I assume that you're no longer under warranty? depending on your relationship with the dealer, you might get them to fix it; based on the fact that you had the problem last year. That may be your best course of action.

My best guess is that it's a bad breaker. They're not expensive; if you have some mechanical ability, you could replace it yourself.

30 Amps is a lot of current: I don't know what the rating on your heater is, but it's most likely 15 amps or less.

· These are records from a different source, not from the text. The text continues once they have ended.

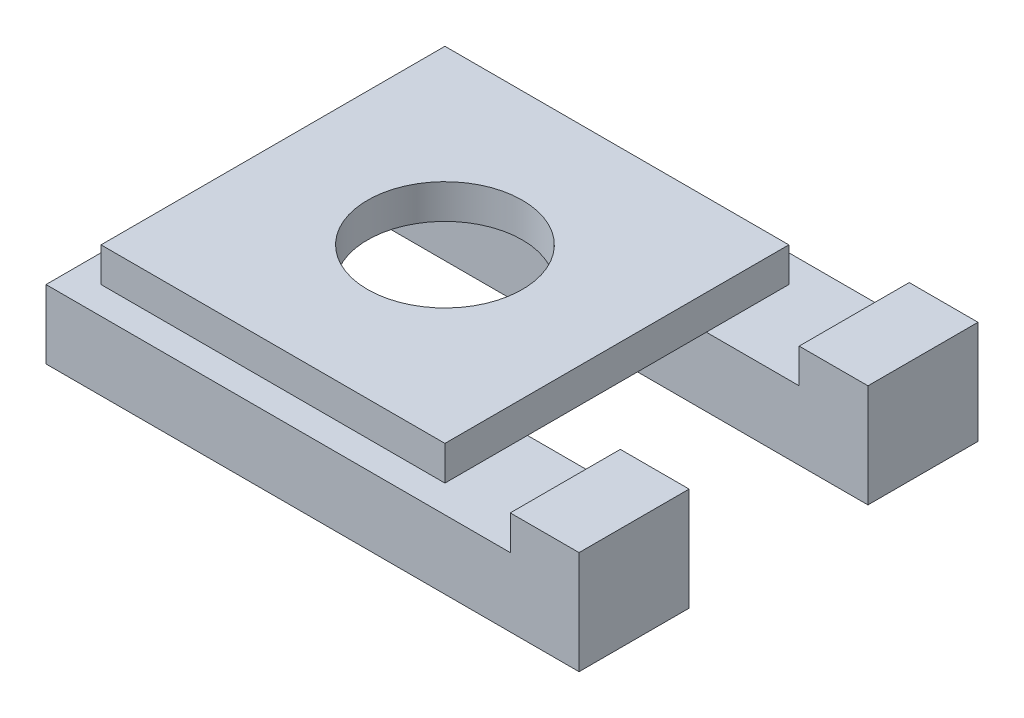
SolidWorks part; units mm, degrees
ref_plane "Front Plane" through (0, 0, 0) normal (0, 0, 1) x (1, 0, 0)
ref_plane "Top Plane" through (0, 0, 0) normal (0, 1, 0) x (1, 0, 0)
ref_plane "Right Plane" through (0, 0, 0) normal (1, 0, 0) x (0, 0, -1)
sketch "Sketch1" plane through (0, 0, 0) normal (0, 1, 0) x (1, 0, 0)
  line L1 (-50, -50) -> (50, -50)
  line L2 (-50, -50) -> (-50, 50)
  line L3 (-50, 50) -> (50, 50)
  line L4 (50, -50) -> (50, 50)
  line L5 (-50, -50) -> (50, 50) construction
  line L6 (-50, 50) -> (50, -50) construction
  circle A0 centre (0, 0) radius 22.5
  point P0 (0, 0)
  dimension "D3" = 45
  dimension "D1" = 100
  dimension "D2" = 100
extrude "Boss-Extrude1" add sketch "Sketch1" along normal blind 10
sketch "Sketch2" plane through (0, 0, 0) normal (0, -1, 0) x (1, 0, 0)
  line L0 (-50, 50) -> (-58, 50)
  line L1 (-58, 50) -> (-58, 58)
  line L2 (77, 58) -> (77, 26)
  line L3 (-58, 58) -> (97, 58)
  line L4 (-58, 58) -> (-58, 26)
  line L5 (-58, 26) -> (97, 26)
  line L6 (97, 58) -> (97, 26)
  line L7 (0, 0) -> (89.8603, 0)
  line L8 (97, -58) -> (97, -26)
  line L9 (77, -58) -> (77, -26)
  line L10 (-58, -26) -> (97, -26)
  line L11 (-58, -58) -> (97, -58)
  line L12 (-58, -58) -> (-58, -26)
  line M1 (50, -50) -> (50, 50)
  line M2 (50, 50) -> (-50, 50)
  line M3 (-50, 50) -> (-50, -50)
  line M4 (-50, -50) -> (50, -50)
  dimension "D1" = 8
  dimension "D2" = 8
  dimension "D3" = 155
  dimension "D4" = 20
  dimension "D5" = 32
extrude "Boss-Extrude4" add sketch "Sketch2" along normal blind 20 contours L4 L5 L0 M3 | L5 L2 L3 L1 L0 M1 M2 | L6 L3 L2 L5 | L5 M3 M1 M2 | L10 M3 M4 M1 | L12 L11 L9 L10 M1 M4 M3 | L9 L11 L8 L10 region at (-54, 0, 38) region at (-54, 0, 51.3874) region at (0, 0, 38) region at (-51.3874, 0, -38) region at (0, 0, -38) region at (87, 0, 42) region at (87, 0, -42)
extrude "Boss-Extrude5" add sketch "Sketch2<5>" against normal blind 10 contours L6 L3 L2 L5 | L9 L11 L8 L10 region at (87, 0, 42) region at (87, 0, -42)
sketch "Sketch2<5>" plane through (0, 0, 0) normal (0, -1, 0) x (1, 0, 0) same geometry as "Sketch2"

Assuming your water heater is off, the only other load is the 12v charger: which should be MUCH less than 15 amps.


----------



## egregg57 (Feb 13, 2006)

bcdude said:


> i have a 07 23rs and i keep blowing the main 30 amp breaker in the trailer . i,m hooked up to a 30 amp breaker with a properrv plug in my house with 25 foot rv extension. the trailer has been plugged in for a couple of weeks. yesterday i plugged in a little heater into it the heater was working i went back and checked on it after a couple hours and the breaker was blown. had the same problem last year when i used the air conditioner. that is why i put in the proper plug on the house. last year i had it checked while still under warranty and they found nothing wrong. HELP!!


 I would prefer to be looking at it in person, but here is a couple of things to check.

I was blowing fuses also. I blew one because I hooked the battery up backwards..oops, did I just say that.....









Check your battery leads. Your looking for chaffing or scuffed insulation.

Does your battery have a charge? Is it hooked up? Is it hooked up correctly?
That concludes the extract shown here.